The seats look incredible as well... almost Pathfinder like..

I wonder how rare this truck is?

I usually only see XE or base models..


----------



## brookwood61 (Aug 18, 2005)

My 86 720 king cab has all those options,except for the cruise.I imagine they have been offering those options for a while.


----------



## dvdswanson (Nov 6, 2005)

they're pretty popular, there are more XEs though. is it for sale? good price?


----------



## SPEEDO (Jun 9, 2003)

try finding a V6 shortbed, reg cab !! those are rare!


----------



## Peterdaniel (May 24, 2005)

Thats funny, I find the shortbed v6's all the time! lol... go figure..


----------



## dvdswanson (Nov 6, 2005)

Peterdaniel said:


> Thats funny, I find the shortbed v6's all the time! lol... go figure..


WHERE


----------



## 68Datsun510 (Jan 19, 2009)

THey make the mini HB with a v6? wow!


----------



## format13 (Jun 10, 2006)

I just bought a V6 reg cab, short bed 86.5...is that the same as you are talking about? It even has AC and all the options you listed minus the sunroof... is this thing rare? Lol


----------



## Peterdaniel (May 24, 2005)

Ya, I would say so! They do make them and I have seen a couple of them on Autotrader and Cars.com.. Show some pictures!!


----------



## format13 (Jun 10, 2006)

Peterdaniel said:


> Ya, I would say so! They do make them and I have seen a couple of them on Autotrader and Cars.com.. Show some pictures!!

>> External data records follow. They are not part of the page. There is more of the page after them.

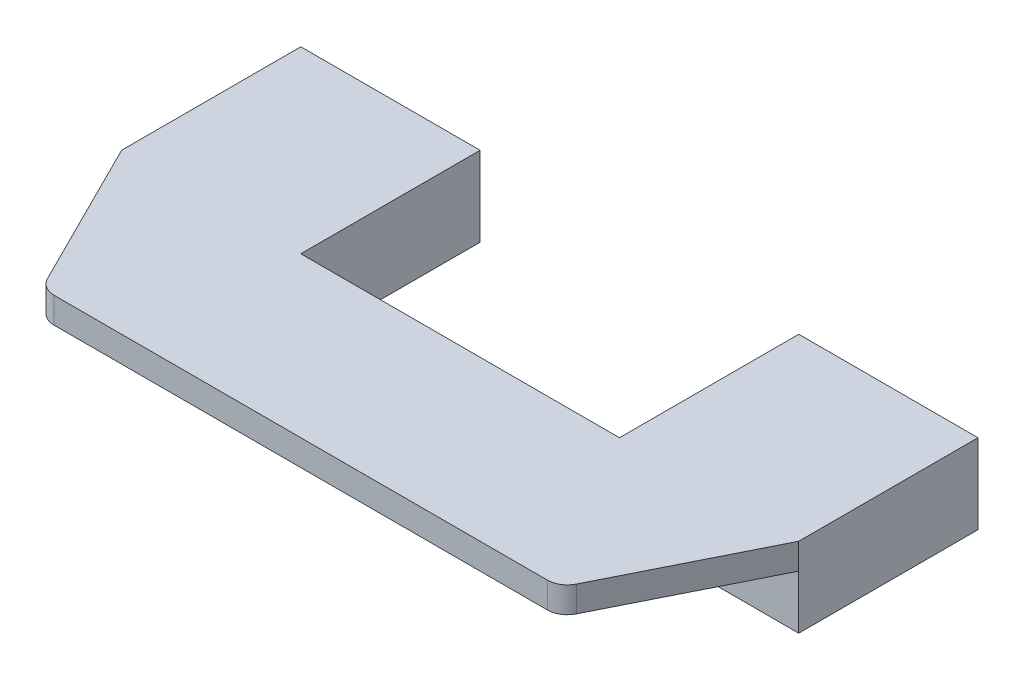
ISO-10303-21;
HEADER;
FILE_DESCRIPTION(('STEP AP214'),'2;1');
FILE_NAME('part.step','',(''),(''),'','','');
FILE_SCHEMA(('AUTOMOTIVE_DESIGN { 1 0 10303 214 1 1 1 1 }'));
ENDSEC;
DATA;
#1=APPLICATION_CONTEXT('core data for automotive mechanical design processes');
#2=APPLICATION_PROTOCOL_DEFINITION('international standard','automotive_design',2000,#1);
#3=PRODUCT_CONTEXT('',#1,'mechanical');
#4=PRODUCT('Part','Part','',(#3));
#5=PRODUCT_RELATED_PRODUCT_CATEGORY('part','',(#4));
#6=PRODUCT_DEFINITION_FORMATION('','',#4);
#7=PRODUCT_DEFINITION_CONTEXT('part definition',#1,'design');
#8=PRODUCT_DEFINITION('design','',#6,#7);
#9=PRODUCT_DEFINITION_SHAPE('','',#8);
#10=(LENGTH_UNIT() NAMED_UNIT(*) SI_UNIT(.MILLI.,.METRE.));
#11=(NAMED_UNIT(*) PLANE_ANGLE_UNIT() SI_UNIT($,.RADIAN.));
#12=(NAMED_UNIT(*) SI_UNIT($,.STERADIAN.) SOLID_ANGLE_UNIT());
#13=UNCERTAINTY_MEASURE_WITH_UNIT(LENGTH_MEASURE(1.E-05),#10,'distance_accuracy_value','');
#14=(GEOMETRIC_REPRESENTATION_CONTEXT(3) GLOBAL_UNCERTAINTY_ASSIGNED_CONTEXT((#13)) GLOBAL_UNIT_ASSIGNED_CONTEXT((#10,
#11,#12)) REPRESENTATION_CONTEXT('',''));
#15=CARTESIAN_POINT('',(0.,0.,0.));
#16=DIRECTION('',(0.,0.,1.));
#17=DIRECTION('',(1.,0.,0.));
#18=AXIS2_PLACEMENT_3D('',#15,#16,#17);
#19=CARTESIAN_POINT('',(0.,0.,0.));
#20=DIRECTION('',(0.,1.,0.));
#21=DIRECTION('',(0.,0.,1.));
#22=AXIS2_PLACEMENT_3D('',#19,#20,#21);
#23=PLANE('',#22);
#24=DIRECTION('',(0.,0.,-1.));
#25=VECTOR('',#24,1.);
#26=CARTESIAN_POINT('',(17.,0.,-8.5));
#27=LINE('',#26,#25);
#28=CARTESIAN_POINT('',(17.,0.,0.5));
#29=VERTEX_POINT('',#28);
#30=CARTESIAN_POINT('',(17.,0.,-8.5));
#31=VERTEX_POINT('',#30);
#32=EDGE_CURVE('E174',#29,#31,#27,.T.);
#33=ORIENTED_EDGE('',*,*,#32,.F.);
#34=DIRECTION('',(1.,0.,0.));
#35=VECTOR('',#34,1.);
#36=CARTESIAN_POINT('',(-17.,0.,0.5));
#37=LINE('',#36,#35);
#38=CARTESIAN_POINT('',(8.,0.,0.5));
#39=VERTEX_POINT('',#38);
#40=EDGE_CURVE('E224',#39,#29,#37,.T.);
#41=ORIENTED_EDGE('',*,*,#40,.F.);
#42=DIRECTION('',(0.,0.,-1.));
#43=VECTOR('',#42,1.);
#44=CARTESIAN_POINT('',(8.,0.,0.));
#45=LINE('',#44,#43);
#46=CARTESIAN_POINT('',(8.,0.,-8.5));
#47=VERTEX_POINT('',#46);
#48=EDGE_CURVE('E191',#39,#47,#45,.T.);
#49=ORIENTED_EDGE('',*,*,#48,.T.);
#50=DIRECTION('',(-1.,0.,0.));
#51=VECTOR('',#50,1.);
#52=CARTESIAN_POINT('',(-17.,0.,-8.5));
#53=LINE('',#52,#51);
#54=EDGE_CURVE('E178',#31,#47,#53,.T.);
#55=ORIENTED_EDGE('',*,*,#54,.F.);
#56=EDGE_LOOP('',(#33,#41,#49,#55));
#57=FACE_BOUND('',#56,.T.);
#58=ADVANCED_FACE('F37',(#57),#23,.F.);
#59=CARTESIAN_POINT('',(-17.,4.,-8.5));
#60=DIRECTION('',(0.,0.,1.));
#61=DIRECTION('',(1.,0.,0.));
#62=AXIS2_PLACEMENT_3D('',#59,#60,#61);
#63=PLANE('',#62);
#64=ORIENTED_EDGE('',*,*,#54,.T.);
#65=DIRECTION('',(0.,1.,0.));
#66=VECTOR('',#65,1.);
#67=CARTESIAN_POINT('',(8.,-1.,-8.5));
#68=LINE('',#67,#66);
#69=CARTESIAN_POINT('',(8.,4.,-8.5));
#70=VERTEX_POINT('',#69);
#71=EDGE_CURVE('E238',#47,#70,#68,.T.);
#72=ORIENTED_EDGE('',*,*,#71,.T.);
#73=DIRECTION('',(-1.,0.,0.));
#74=VECTOR('',#73,1.);
#75=CARTESIAN_POINT('',(-17.,4.,-8.5));
#76=LINE('',#75,#74);
#77=CARTESIAN_POINT('',(17.,4.,-8.5));
#78=VERTEX_POINT('',#77);
#79=EDGE_CURVE('E166',#78,#70,#76,.T.);
#80=ORIENTED_EDGE('',*,*,#79,.F.);
#81=DIRECTION('',(0.,-1.,0.));
#82=VECTOR('',#81,1.);
#83=CARTESIAN_POINT('',(17.,4.,-8.5));
#84=LINE('',#83,#82);
#85=EDGE_CURVE('E185',#78,#31,#84,.T.);
#86=ORIENTED_EDGE('',*,*,#85,.T.);
#87=EDGE_LOOP('',(#64,#72,#80,#86));
#88=FACE_BOUND('',#87,.T.);
#89=ADVANCED_FACE('F256',(#88),#63,.F.);
#90=CARTESIAN_POINT('',(17.,4.,-8.5));
#91=DIRECTION('',(-1.,0.,0.));
#92=DIRECTION('',(0.,0.,1.));
#93=AXIS2_PLACEMENT_3D('',#90,#91,#92);
#94=PLANE('',#93);
#95=DIRECTION('',(0.,0.,-1.));
#96=VECTOR('',#95,1.);
#97=CARTESIAN_POINT('',(17.,4.,-8.5));
#98=LINE('',#97,#96);
#99=CARTESIAN_POINT('',(17.,4.,0.5));
#100=VERTEX_POINT('',#99);
#101=EDGE_CURVE('E183',#100,#78,#98,.T.);
#102=ORIENTED_EDGE('',*,*,#101,.F.);
#103=DIRECTION('',(0.,1.,0.));
#104=VECTOR('',#103,1.);
#105=CARTESIAN_POINT('',(17.,1.,0.5));
#106=LINE('',#105,#104);
#107=CARTESIAN_POINT('',(17.,2.7,0.5));
#108=VERTEX_POINT('',#107);
#109=EDGE_CURVE('E148',#108,#100,#106,.T.);
#110=ORIENTED_EDGE('',*,*,#109,.F.);
#111=DIRECTION('',(0.,1.,0.));
#112=VECTOR('',#111,1.);
#113=CARTESIAN_POINT('',(17.,0.,0.5));
#114=LINE('',#113,#112);
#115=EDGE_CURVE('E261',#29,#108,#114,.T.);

Haha Ok, ill have to get some tomorrow before work.


----------



## Phatboy (Jan 30, 2009)

I had an 89 V-6 4x4 (short bed reg cab) and there is one on the Columbia, SC craigslist (an 86.5) Not SE though. I am going this evening to look at an 88 SE ExCab V-6. $950. I'll post pics of my 88 when I have time.


----------



## Phatboy (Jan 30, 2009)

I sold this one back when I bought my first Dodge.

When I got it, it was gray over blue (had some vinyl stickers on it that made a star shape on the door, it had a factory grill guard, nerf bars, and roll bar (with lights). I ended up putting Pathfinder buckets in it and a carpet kit (had blue rubber/vinyl floor. 3" Body lift, 4" TrailMaster Suspension lift and 36's. Rode great. I just outgrew it.


----------



## tommyboy623 (May 11, 2009)

i got a nissan test model.1994 txe.4x4 hardbody.ka24e motor 5speed trans. h233b rear diff.r200 front diff.single cab ka24e. never been painted how rare is that..lol.oh and im from az.so NO rust.not a spot..lol..click on pics to zoom..


----------